De qualquer forma, é difícil cobrar muito de um roteiro que mal exibe qualquer traço de sutileza ao discutir seus temas, criando um protagonista que desde o princípio parece gritar para o espectador qual será seu arco dramático (Tempesta é um empresário escroto que não dá ouvidos aos clamores dos oprimidos, então… que outro destino ele terá a não ser perceber, na medida do possível, o quão errado está?). Em compensação, o trabalho do ator Marco Giallini é bem-sucedido ao contornar as fragilidades do roteiro: do início ao fim, a persona sarcástica, aborrecida e egocêntrica de Numa Tempesta é retratada de maneira divertida, levando o espectador a rir do personagem sem deixar de condenar suas atitudes e seus pensamentos.

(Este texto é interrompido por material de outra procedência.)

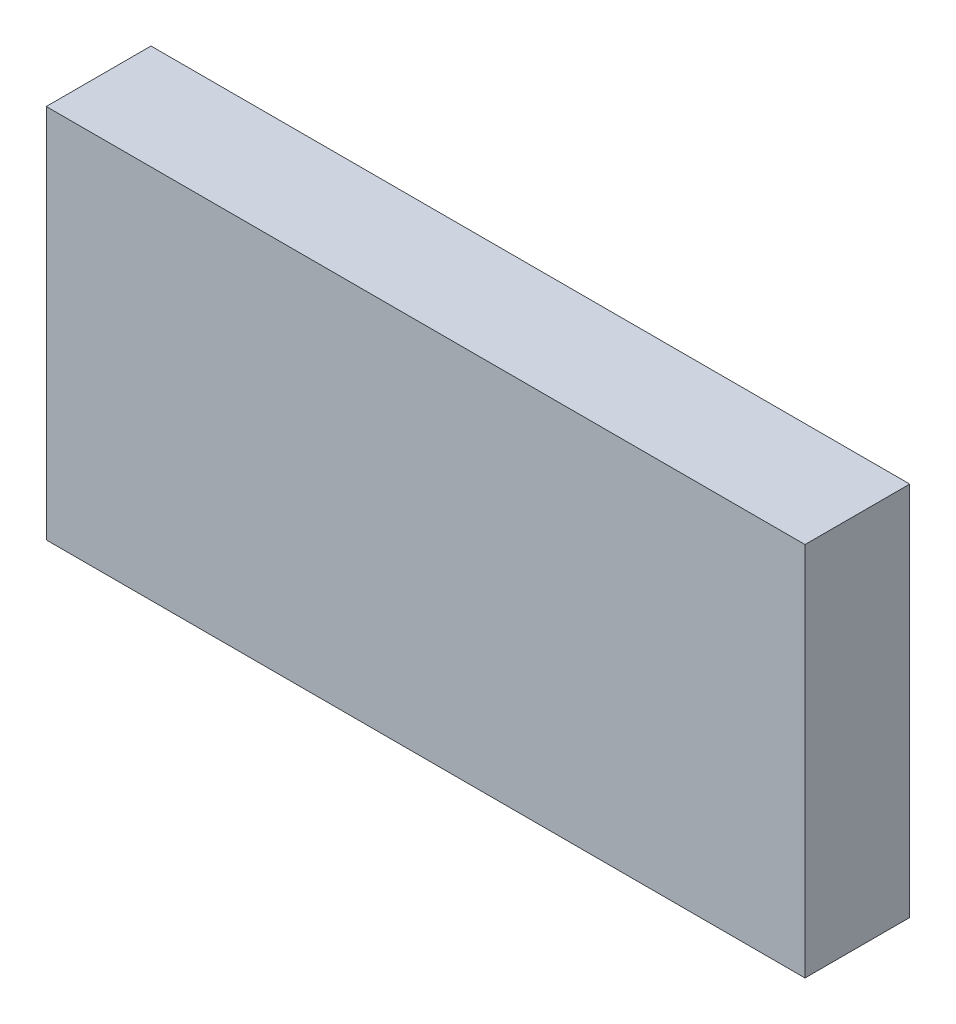
ISO-10303-21;
HEADER;
FILE_DESCRIPTION(('STEP AP214'),'2;1');
FILE_NAME('part.step','',(''),(''),'','','');
FILE_SCHEMA(('AUTOMOTIVE_DESIGN { 1 0 10303 214 1 1 1 1 }'));
ENDSEC;
DATA;
#1=APPLICATION_CONTEXT('core data for automotive mechanical design processes');
#2=APPLICATION_PROTOCOL_DEFINITION('international standard','automotive_design',2000,#1);
#3=PRODUCT_CONTEXT('',#1,'mechanical');
#4=PRODUCT('Part','Part','',(#3));
#5=PRODUCT_RELATED_PRODUCT_CATEGORY('part','',(#4));
#6=PRODUCT_DEFINITION_FORMATION('','',#4);
#7=PRODUCT_DEFINITION_CONTEXT('part definition',#1,'design');
#8=PRODUCT_DEFINITION('design','',#6,#7);
#9=PRODUCT_DEFINITION_SHAPE('','',#8);
#10=(LENGTH_UNIT() NAMED_UNIT(*) SI_UNIT(.MILLI.,.METRE.));
#11=(NAMED_UNIT(*) PLANE_ANGLE_UNIT() SI_UNIT($,.RADIAN.));
#12=(NAMED_UNIT(*) SI_UNIT($,.STERADIAN.) SOLID_ANGLE_UNIT());
#13=UNCERTAINTY_MEASURE_WITH_UNIT(LENGTH_MEASURE(1.E-05),#10,'distance_accuracy_value','');
#14=(GEOMETRIC_REPRESENTATION_CONTEXT(3) GLOBAL_UNCERTAINTY_ASSIGNED_CONTEXT((#13)) GLOBAL_UNIT_ASSIGNED_CONTEXT((#10,
#11,#12)) REPRESENTATION_CONTEXT('',''));
#15=CARTESIAN_POINT('',(0.,0.,0.));
#16=DIRECTION('',(0.,0.,1.));
#17=DIRECTION('',(1.,0.,0.));
#18=AXIS2_PLACEMENT_3D('',#15,#16,#17);
#19=CARTESIAN_POINT('',(-0.0999998000000086,9.0286078,2.54));
#20=DIRECTION('',(1.,0.,0.));
#21=DIRECTION('',(0.,0.,-1.));
#22=AXIS2_PLACEMENT_3D('',#19,#20,#21);
#23=PLANE('',#22);
#24=DIRECTION('',(0.,-1.,0.));
#25=VECTOR('',#24,1.);
#26=CARTESIAN_POINT('',(-0.0999998000000086,9.0286078,0.));
#27=LINE('',#26,#25);
#28=CARTESIAN_POINT('',(-0.0999998000000086,9.0286078,0.));
#29=VERTEX_POINT('',#28);
#30=CARTESIAN_POINT('',(-0.0999998000000086,-0.0745998000000058,0.));
#31=VERTEX_POINT('',#30);
#32=EDGE_CURVE('E95',#29,#31,#27,.T.);
#33=ORIENTED_EDGE('',*,*,#32,.T.);
#34=DIRECTION('',(0.,0.,-1.));
#35=VECTOR('',#34,1.);
#36=CARTESIAN_POINT('',(-0.0999998000000086,-0.0745998000000058,2.54));
#37=LINE('',#36,#35);
#38=CARTESIAN_POINT('',(-0.0999998000000086,-0.0745998000000058,2.54));
#39=VERTEX_POINT('',#38);
#40=EDGE_CURVE('E11',#39,#31,#37,.T.);
#41=ORIENTED_EDGE('',*,*,#40,.F.);
#42=DIRECTION('',(0.,-1.,0.));
#43=VECTOR('',#42,1.);
#44=CARTESIAN_POINT('',(-0.0999998000000086,9.0286078,2.54));
#45=LINE('',#44,#43);
#46=CARTESIAN_POINT('',(-0.0999998000000086,9.0286078,2.54));
#47=VERTEX_POINT('',#46);
#48=EDGE_CURVE('E83',#47,#39,#45,.T.);
#49=ORIENTED_EDGE('',*,*,#48,.F.);
#50=DIRECTION('',(0.,0.,-1.));
#51=VECTOR('',#50,1.);
#52=CARTESIAN_POINT('',(-0.0999998000000086,9.0286078,2.54));
#53=LINE('',#52,#51);
#54=EDGE_CURVE('E91',#47,#29,#53,.T.);
#55=ORIENTED_EDGE('',*,*,#54,.T.);
#56=EDGE_LOOP('',(#33,#41,#49,#55));
#57=FACE_BOUND('',#56,.T.);
#58=ADVANCED_FACE('F32',(#57),#23,.F.);
#59=CARTESIAN_POINT('',(-0.0999998000000086,-0.0745998000000058,2.54));
#60=DIRECTION('',(0.,1.,0.));
#61=DIRECTION('',(0.,0.,1.));
#62=AXIS2_PLACEMENT_3D('',#59,#60,#61);
#63=PLANE('',#62);
#64=DIRECTION('',(1.,0.,0.));
#65=VECTOR('',#64,1.);
#66=CARTESIAN_POINT('',(-0.0999998000000086,-0.0745998000000058,0.));
#67=LINE('',#66,#65);
#68=CARTESIAN_POINT('',(18.2999888,-0.0745998000000058,0.));
#69=VERTEX_POINT('',#68);
#70=EDGE_CURVE('E87',#31,#69,#67,.T.);
#71=ORIENTED_EDGE('',*,*,#70,.T.);
#72=DIRECTION('',(0.,0.,-1.));
#73=VECTOR('',#72,1.);
#74=CARTESIAN_POINT('',(18.2999888,-0.0745998000000058,2.54));
#75=LINE('',#74,#73);
#76=CARTESIAN_POINT('',(18.2999888,-0.0745998000000058,2.54));
#77=VERTEX_POINT('',#76);
#78=EDGE_CURVE('E40',#77,#69,#75,.T.);
#79=ORIENTED_EDGE('',*,*,#78,.F.);
#80=DIRECTION('',(1.,0.,0.));
#81=VECTOR('',#80,1.);
#82=CARTESIAN_POINT('',(-0.0999998000000086,-0.0745998000000058,2.54));
#83=LINE('',#82,#81);
#84=EDGE_CURVE('E78',#39,#77,#83,.T.);
#85=ORIENTED_EDGE('',*,*,#84,.F.);
#86=ORIENTED_EDGE('',*,*,#40,.T.);
#87=EDGE_LOOP('',(#71,#79,#85,#86));
#88=FACE_BOUND('',#87,.T.);
#89=ADVANCED_FACE('F86',(#88),#63,.F.);
#90=CARTESIAN_POINT('',(18.2999888,-0.0745998000000058,2.54));
#91=DIRECTION('',(-1.,0.,0.));
#92=DIRECTION('',(0.,0.,1.));
#93=AXIS2_PLACEMENT_3D('',#90,#91,#92);
#94=PLANE('',#93);
#95=DIRECTION('',(0.,1.,0.));
#96=VECTOR('',#95,1.);
#97=CARTESIAN_POINT('',(18.2999888,-0.0745998000000058,0.));
#98=LINE('',#97,#96);
#99=CARTESIAN_POINT('',(18.2999888,9.0286078,0.));
#100=VERTEX_POINT('',#99);
#101=EDGE_CURVE('E65',#69,#100,#98,.T.);
#102=ORIENTED_EDGE('',*,*,#101,.T.);
#103=DIRECTION('',(0.,0.,-1.));
#104=VECTOR('',#103,1.);
#105=CARTESIAN_POINT('',(18.2999888,9.0286078,2.54));
#106=LINE('',#105,#104);
#107=CARTESIAN_POINT('',(18.2999888,9.0286078,2.54));
#108=VERTEX_POINT('',#107);
#109=EDGE_CURVE('E88',#108,#100,#106,.T.);
#110=ORIENTED_EDGE('',*,*,#109,.F.);
#111=DIRECTION('',(0.,1.,0.));
#112=VECTOR('',#111,1.);
#113=CARTESIAN_POINT('',(18.2999888,-0.0745998000000058,2.54));
#114=LINE('',#113,#112);
#115=EDGE_CURVE('E81',#77,#108,#114,.T.);
#116=ORIENTED_EDGE('',*,*,#115,.F.);
#117=ORIENTED_EDGE('',*,*,#78,.T.);
#118=EDGE_LOOP('',(#102,#110,#116,#117));
#119=FACE_BOUND('',#118,.T.);
#120=ADVANCED_FACE('F89',(#119),#94,.F.);
#121=CARTESIAN_POINT('',(18.2999888,9.0286078,2.54));
#122=DIRECTION('',(0.,-1.,0.));
#123=DIRECTION('',(0.,0.,-1.));
#124=AXIS2_PLACEMENT_3D('',#121,#122,#123);
#125=PLANE('',#124);
#126=DIRECTION('',(-1.,0.,0.));
#127=VECTOR('',#126,1.);
#128=CARTESIAN_POINT('',(18.2999888,9.0286078,0.));
#129=LINE('',#128,#127);
#130=EDGE_CURVE('E71',#100,#29,#129,.T.);
#131=ORIENTED_EDGE('',*,*,#130,.T.);
#132=ORIENTED_EDGE('',*,*,#54,.F.);
#133=DIRECTION('',(-1.,0.,0.));
#134=VECTOR('',#133,1.);
#135=CARTESIAN_POINT('',(18.2999888,9.0286078,2.54));
#136=LINE('',#135,#134);
#137=EDGE_CURVE('E48',#108,#47,#136,.T.);
#138=ORIENTED_EDGE('',*,*,#137,.F.);
#139=ORIENTED_EDGE('',*,*,#109,.T.);
#140=EDGE_LOOP('',(#131,#132,#138,#139));
#141=FACE_BOUND('',#140,.T.);
#142=ADVANCED_FACE('F102',(#141),#125,.F.);
#143=CARTESIAN_POINT('',(0.,0.,2.54));
#144=DIRECTION('',(0.,0.,1.));
#145=DIRECTION('',(1.,0.,0.));
#146=AXIS2_PLACEMENT_3D('',#143,#144,#145);
#147=PLANE('',#146);
#148=ORIENTED_EDGE('',*,*,#48,.T.);
#149=ORIENTED_EDGE('',*,*,#84,.T.);
#150=ORIENTED_EDGE('',*,*,#115,.T.);
#151=ORIENTED_EDGE('',*,*,#137,.T.);
#152=EDGE_LOOP('',(#148,#149,#150,#151));
#153=FACE_BOUND('',#152,.T.);
#154=ADVANCED_FACE('F79',(#153),#147,.T.);
#155=CARTESIAN_POINT('',(0.,0.,0.));
#156=DIRECTION('',(0.,0.,1.));
#157=DIRECTION('',(1.,0.,0.));
#158=AXIS2_PLACEMENT_3D('',#155,#156,#157);
#159=PLANE('',#158);
#160=ORIENTED_EDGE('',*,*,#32,.F.);
#161=ORIENTED_EDGE('',*,*,#130,.F.);
#162=ORIENTED_EDGE('',*,*,#101,.F.);
#163=ORIENTED_EDGE('',*,*,#70,.F.);
#164=EDGE_LOOP('',(#160,#161,#162,#163));
#165=FACE_BOUND('',#164,.T.);
#166=ADVANCED_FACE('F105',(#165),#159,.F.);
#167=CLOSED_SHELL('',(#58,#89,#120,#142,#154,#166));
#168=MANIFOLD_SOLID_BREP('B2',#167);
#169=ADVANCED_BREP_SHAPE_REPRESENTATION('',(#18,#168),#14);
#170=SHAPE_DEFINITION_REPRESENTATION(#9,#169);
ENDSEC;
END-ISO-10303-21;

Ao mesmo tempo, a direção de Daniele Luchetti e a fotografia de Luca Bigazzi surpreendem através de um ou outro plano elegantes em suas composições imagéticas, como o longo take que acompanha Tempesta caminhando nos corredores de sua vasta cobertura e os planos-detalhe que servem para ressaltar o quão metódico é o protagonista. É uma pena, no entanto, que a trilha sonora se desespere ao mastigar para o espectador cada sensação que este deverá ter ao longo da projeção, investindo em composições engraçadinhas que provocam o embaraço ainda na sequência dos créditos iniciais (e que não melhoram muito com o decorrer da projeção).

Assim, o que resta dizer é que “O Rei de Roma” poderia ter sido uma pequena obra-prima caso o roteiro e a direção demonstrassem uma acidez maior. Em vez disso, ambos preferiram seguir um caminho mais seguro e simplista, sem desenvolver seus temas de maneira particularmente desafiadora ou marcante. Do jeito como está, o filme é inofensivo demais para causar qualquer impacto definitivo no público, culminando em uma experiência que diverte ocasionalmente, mas que começa a se dissipar na memória do espectador assim que as luzes do cinema se acendem.

Neste sentido, “Praça Pública” e “O Rei de Roma” não poderiam formar uma sessão dupla mais apropriada.